Additionally, we carved time out last Sunday to hike in Rocky Mountain National Park and had dinner and ice cream in Estes Park -- both are a must if you haven't explored that part of Colorado yet. We saw a few prize elk that would make those who hunt drool.

However, what I'm most pleased with is our safety program continues to set new records with each passing week. We had a very safe and perfectly executed Labor Day weekend when it comes to the base and missile field operations. Our safety accomplishments are not to be taken lightly. I know it takes engaged leadership at every level. Every dispatch is scrutinized -- as it should be. Everyday leadership is exercised in various levels in the Mighty Ninety. My point is, you may never know the impact you have on others and sometimes you may not find out until many years later. Well done team.

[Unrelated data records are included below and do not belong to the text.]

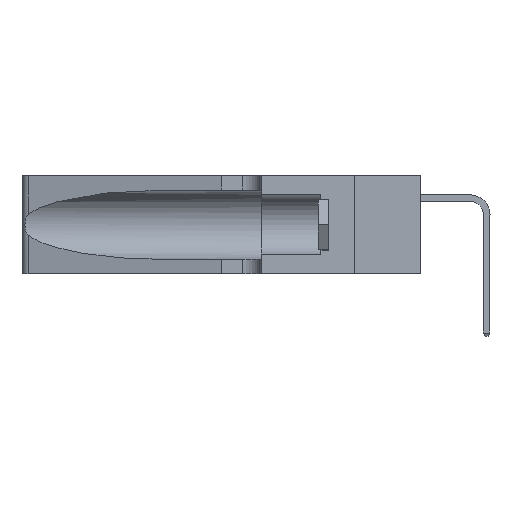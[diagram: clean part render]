
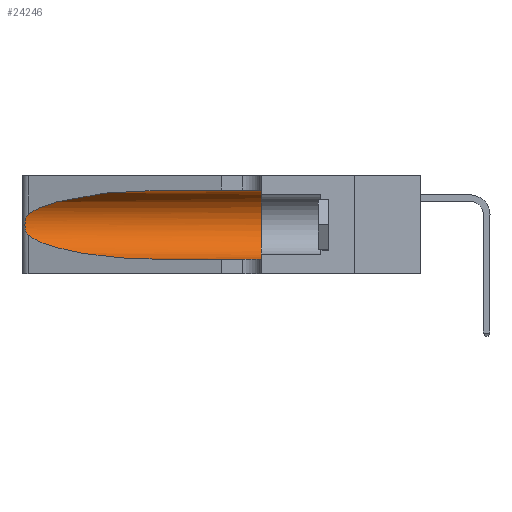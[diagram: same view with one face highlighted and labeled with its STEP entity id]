
A CAD part, left-side view. The second image highlights one B-rep face of the part: STEP entity #24246.
In plain terms, the highlighted cylindrical face has radius 3.308 mm (diameter 6.617 mm), a partial arc.
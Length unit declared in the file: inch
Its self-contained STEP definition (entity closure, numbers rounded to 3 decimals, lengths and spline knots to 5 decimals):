
#1062 = ORIENTED_EDGE ( 'NONE', *, *, #22177, .T. ) ;
#2132 = VERTEX_POINT ( 'NONE', #3228 ) ;
#2545 = CARTESIAN_POINT ( 'NONE',  ( 0.26075, 1.23896, 0.178 ) ) ;
#2669 = EDGE_CURVE ( 'NONE', #27085, #24249, #16286, .T. ) ;
#2862 = ORIENTED_EDGE ( 'NONE', *, *, #2669, .T. ) ;
#3228 = CARTESIAN_POINT ( 'NONE',  ( 0.1305, 0.35, 0.31525 ) ) ;
#3294 = CARTESIAN_POINT ( 'NONE',  ( 0.25487, 1.22718, 0.22369 ) ) ;
#3643 = DIRECTION ( 'NONE',  ( 0., 1., 0. ) ) ;
#3746 = CARTESIAN_POINT ( 'NONE',  ( 0.1305, 1.61858, 0.05475 ) ) ;
#4899 = EDGE_CURVE ( 'NONE', #14698, #27279, #11721, .T. ) ;
#5141 = DIRECTION ( 'NONE',  ( 0., -1., 0. ) ) ;
#5580 = CARTESIAN_POINT ( 'NONE',  ( 0.25856, 1.23593, 0.16098 ) ) ;
#5744 = CIRCLE ( 'NONE', #32643, 0.13025 ) ;
#8088 = ORIENTED_EDGE ( 'NONE', *, *, #23984, .T. ) ;
#8737 = CARTESIAN_POINT ( 'NONE',  ( 0.25639, 1.23186, 0.15144 ) ) ;
#9942 = ORIENTED_EDGE ( 'NONE', *, *, #4899, .T. ) ;
#10750 = DIRECTION ( 'NONE',  ( 0., -1., 0. ) ) ;
#10890 = DIRECTION ( 'NONE',  ( 0., 0., -1. ) ) ;
#11219 = VECTOR ( 'NONE', #21750, 39.37008 ) ;
#11721 = LINE ( 'NONE', #3746, #11219 ) ;
#11729 = EDGE_CURVE ( 'NONE', #33673, #2132, #28528, .T. ) ;
#11867 = ORIENTED_EDGE ( 'NONE', *, *, #22832, .F. ) ;
#11897 = CARTESIAN_POINT ( 'NONE',  ( 0.25487, 1.22718, 0.14631 ) ) ;
#12816 = CARTESIAN_POINT ( 'NONE',  ( 0.25487, 1.22718, 0.14631 ) ) ;
#13976 = CARTESIAN_POINT ( 'NONE',  ( 0.25487, 1.22718, 0.14631 ) ) ;
#13983 = FACE_OUTER_BOUND ( 'NONE', #22900, .T. ) ;
#14698 = VERTEX_POINT ( 'NONE', #19432 ) ;
#14853 = CARTESIAN_POINT ( 'NONE',  ( 0.25487, 1.22718, 0.22369 ) ) ;
#15602 = CARTESIAN_POINT ( 'NONE',  ( 0.1305, 0.72297, 0.31525 ) ) ;
#15857 = CARTESIAN_POINT ( 'NONE',  ( 0.2373, 1.15595, 0.08982 ) ) ;
#16286 = B_SPLINE_CURVE_WITH_KNOTS ( 'NONE', 3,
 ( #14853, #37646, #32003, #34866, #17796, #37772, #20600, #2545, #23544, #5580, #26424, #8737, #29298, #11897 ),
 .UNSPECIFIED., .F., .F.,
 ( 4, 2, 2, 2, 2, 2, 4 ),
 ( 0., 0.00027, 0.00053, 0.00107, 0.0016, 0.00187, 0.00214 ),
 .UNSPECIFIED. ) ;
#17796 = CARTESIAN_POINT ( 'NONE',  ( 0.25854, 1.2359, 0.20912 ) ) ;
#18410 = ORIENTED_EDGE ( 'NONE', *, *, #11729, .F. ) ;
#18731 = CARTESIAN_POINT ( 'NONE',  ( 0.1305, 0.72297, 0.05475 ) ) ;
#19432 = CARTESIAN_POINT ( 'NONE',  ( 0.1305, 0.72297, 0.05475 ) ) ;
#20175 = CARTESIAN_POINT ( 'NONE',  ( 0.1305, 1.61858, 0.31525 ) ) ;
#20600 = CARTESIAN_POINT ( 'NONE',  ( 0.26075, 1.23896, 0.19203 ) ) ;
#21213 = CARTESIAN_POINT ( 'NONE',  ( 0.1305, 0.35, 0.05475 ) ) ;
#21319 = CARTESIAN_POINT ( 'NONE',  ( 0.2373, 1.15595, 0.28018 ) ) ;
#21649 = CARTESIAN_POINT ( 'NONE',  ( 0.1305, 0.35, 0.185 ) ) ;
#21750 = DIRECTION ( 'NONE',  ( 0., -1., 0. ) ) ;
#22177 = EDGE_CURVE ( 'NONE', #33673, #27085, #33289, .T. ) ;
#22832 = EDGE_CURVE ( 'NONE', #2132, #27279, #5744, .T. ) ;
#22900 = EDGE_LOOP ( 'NONE', ( #1062, #2862, #8088, #9942, #11867, #18410 ) ) ;
#23544 = CARTESIAN_POINT ( 'NONE',  ( 0.26017, 1.23833, 0.17102 ) ) ;
#23984 = EDGE_CURVE ( 'NONE', #24249, #14698, #29427, .T. ) ;
#24246 = ADVANCED_FACE ( 'NONE', ( #13983 ), #35992, .F. ) ;
#24249 = VERTEX_POINT ( 'NONE', #13976 ) ;
#24546 = DIRECTION ( 'NONE',  ( 0., 0., 1. ) ) ;
#26424 = CARTESIAN_POINT ( 'NONE',  ( 0.25789, 1.23486, 0.15765 ) ) ;
#27085 = VERTEX_POINT ( 'NONE', #34752 ) ;
#27279 = VERTEX_POINT ( 'NONE', #21213 ) ;
#28093 = VECTOR ( 'NONE', #5141, 39.37008 ) ;
#28391 = CARTESIAN_POINT ( 'NONE',  ( 0.1305, 1.61858, 0.185 ) ) ;
#28528 = LINE ( 'NONE', #20175, #28093 ) ;
#29298 = CARTESIAN_POINT ( 'NONE',  ( 0.25555, 1.22993, 0.14849 ) ) ;
#29427 =( BOUNDED_CURVE ( )  B_SPLINE_CURVE ( 3, ( #12816, #15857, #35845, #18731 ),
 .UNSPECIFIED., .F., .F. ) 
 B_SPLINE_CURVE_WITH_KNOTS ( ( 4, 4 ),
 ( 3.44316, 4.71239 ),
 .UNSPECIFIED. ) 
 CURVE ( )  GEOMETRIC_REPRESENTATION_ITEM ( )  RATIONAL_B_SPLINE_CURVE ( ( 1., 0.87, 0.87, 1. ) ) 
 REPRESENTATION_ITEM ( '' )  );
#31739 = AXIS2_PLACEMENT_3D ( 'NONE', #28391, #10750, #10890 ) ;
#32003 = CARTESIAN_POINT ( 'NONE',  ( 0.25639, 1.23184, 0.21858 ) ) ;
#32230 = CARTESIAN_POINT ( 'NONE',  ( 0.1305, 0.72297, 0.31525 ) ) ;
#32643 = AXIS2_PLACEMENT_3D ( 'NONE', #21649, #3643, #24546 ) ;
#32713 = CARTESIAN_POINT ( 'NONE',  ( 0.18966, 0.96281, 0.31525 ) ) ;
#33289 =( BOUNDED_CURVE ( )  B_SPLINE_CURVE ( 3, ( #15602, #32713, #21319, #3294 ),
 .UNSPECIFIED., .F., .T. ) 
 B_SPLINE_CURVE_WITH_KNOTS ( ( 4, 4 ),
 ( 1.5708, 2.84003 ),
 .UNSPECIFIED. ) 
 CURVE ( )  GEOMETRIC_REPRESENTATION_ITEM ( )  RATIONAL_B_SPLINE_CURVE ( ( 1., 0.87, 0.87, 1. ) ) 
 REPRESENTATION_ITEM ( '' )  );
#33673 = VERTEX_POINT ( 'NONE', #32230 ) ;
#34752 = CARTESIAN_POINT ( 'NONE',  ( 0.25487, 1.22718, 0.22369 ) ) ;
#34866 = CARTESIAN_POINT ( 'NONE',  ( 0.25787, 1.23484, 0.2124 ) ) ;
#35845 = CARTESIAN_POINT ( 'NONE',  ( 0.18966, 0.96281, 0.05475 ) ) ;
#35992 = CYLINDRICAL_SURFACE ( 'NONE', #31739, 0.13025 ) ;
#37646 = CARTESIAN_POINT ( 'NONE',  ( 0.25555, 1.22994, 0.2215 ) ) ;
#37772 = CARTESIAN_POINT ( 'NONE',  ( 0.26018, 1.23835, 0.19895 ) ) ;

I want to share a story with you from the book, "American Generalship" by Edgar J. Puryear, Jr. In his book he relays a story told by General Shalikashvili about mentorship. Mentorship comes in many forms.

"When I started out, I wanted to be the best second lieutenant around. At the beginning I didn't worry about becoming captain or major or whatever. As a matter of fact, all my life I tried very hard not to think about what I might eventually become. Rather, I tried to concentrate on becoming the very best of the rank I held at any given moment. When I was first commissioned, I was assigned to Alaska and my platoon sergeant was Sergeant Grice. Grice devoted his life to making me the best platoon leader around. Our unit was a mortar battery of the 1st Battle Group, 9th Infantry. Sergeant Grice would come in the morning and say, 'Sir, I've organized that poncho inspection just like you ordered.' I'd look surprised, but Sergeant Grice would take the time to show me just how to conduct such an inspection and what to look for. The next day he would surprise me with something else, but each event was to help me become a better platoon leader. He was such a wonderful man. I wish every second lieutenant could have a Sergeant Grice. He is the one who taught me what caring for my men really entailed. From him I learned the importance of knowing all the ins and outs of my job."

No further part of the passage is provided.